First approach - Using Extraction and tokenization as mentioned in the task description

In [23]:
!pip install PyPDF2



In [24]:

!pip install fpdf



In [25]:
!pip install pdfplumber



In [26]:
!pip install transformers



In [27]:
!pip install transformers



In [28]:
import os
import pandas as pd
import pdfplumber
from transformers import DistilBertTokenizer, DistilBertModel
from sklearn.feature_extraction.text import CountVectorizer
from sklearn.metrics.pairwise import cosine_similarity
import numpy as np

In [29]:
# Define the path to the job descriptions PDF file
job_descriptions_pdf_path = '/content/job_descriptions.pdf'

# Define the folder containing candidates' resumes in PDF format
pdf_folder = '/content/drive/MyDrive/capital task/data/PUBLIC-RELATIONS'



In [30]:
# Define a function to extract text from PDF using pdfplumber
def extract_text_from_pdf(pdf_path):
    text = ''
    with pdfplumber.open(pdf_path) as pdf:
        for page in pdf.pages:
            text += page.extract_text()
    return text

In [31]:
# Initialize DistilBERT tokenizer and model
tokenizer = DistilBertTokenizer.from_pretrained('distilbert-base-uncased')
model = DistilBertModel.from_pretrained('distilbert-base-uncased')

In [32]:
# Extract text from the job descriptions PDF
job_descriptions_text = extract_text_from_pdf(job_descriptions_pdf_path)

In [33]:
#Tokenize and preprocess job descriptions
inputs = tokenizer(job_descriptions_text, return_tensors="pt", padding=True, truncation=True)
outputs = model(**inputs)
job_description_embeddings = outputs.last_hidden_state.mean(dim=1).squeeze().detach().numpy()

In [34]:
# Initialize lists to store candidate resume embeddings and their filenames
cv_embeddings = []
cv_filenames = []

In [35]:
# Iterate through PDF files in the specified folder and extract text (for candidate resumes)
for filename in os.listdir(pdf_folder):
    if filename.endswith('.pdf'):
        pdf_path = os.path.join(pdf_folder, filename)
        text = extract_text_from_pdf(pdf_path)

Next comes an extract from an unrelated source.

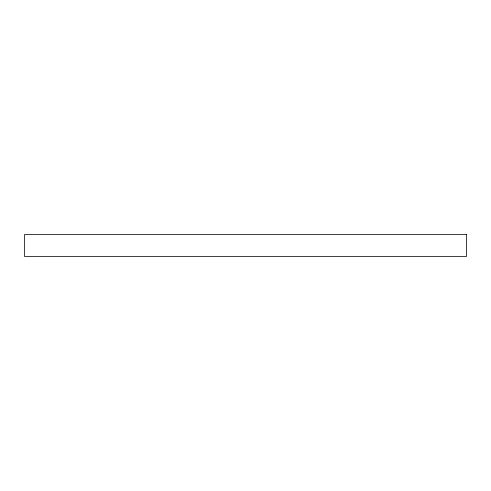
<?xml version="1.0" encoding="UTF-8"?>
<svg xmlns="http://www.w3.org/2000/svg" width="491" height="491" viewBox="0 0 491 491"><rect width="100%" height="100%" fill="white"/><g stroke="black" fill="none" stroke-linecap="round" stroke-linejoin="round"><path stroke-width="0.74" d="M466.45 234.495L24.55 234.495L24.55 256.505L466.45 256.505L466.45 234.495"/></g></svg>

        # Tokenize and preprocess candidate resumes
        inputs = tokenizer(text, return_tensors="pt", padding=True, truncation=True)
        outputs = model(**inputs)
        embeddings = outputs.last_hidden_state.mean(dim=1).squeeze().detach().numpy()

        cv_embeddings.append(embeddings)
        cv_filenames.append(filename)  # Store the filename for later reference

In [36]:

# Perform cosine similarity calculation for each candidate's resume and job descriptions
similarity_scores = cosine_similarity(cv_embeddings, [job_description_embeddings])

In [37]:
# Rank CVs based on similarity scores for each job description
for i, job_description_similarity_scores in enumerate(similarity_scores.T):
    top_cv_indices = (-job_description_similarity_scores).argsort()[:5]
    print(f"Top 5 CVs for Job Description {i+1}:")
    for cv_index in top_cv_indices:
        similarity_score = job_description_similarity_scores[cv_index]
        cv_filename = cv_filenames[cv_index]
        print(f"Candidate: {cv_filename}, Similarity Score: {similarity_score}")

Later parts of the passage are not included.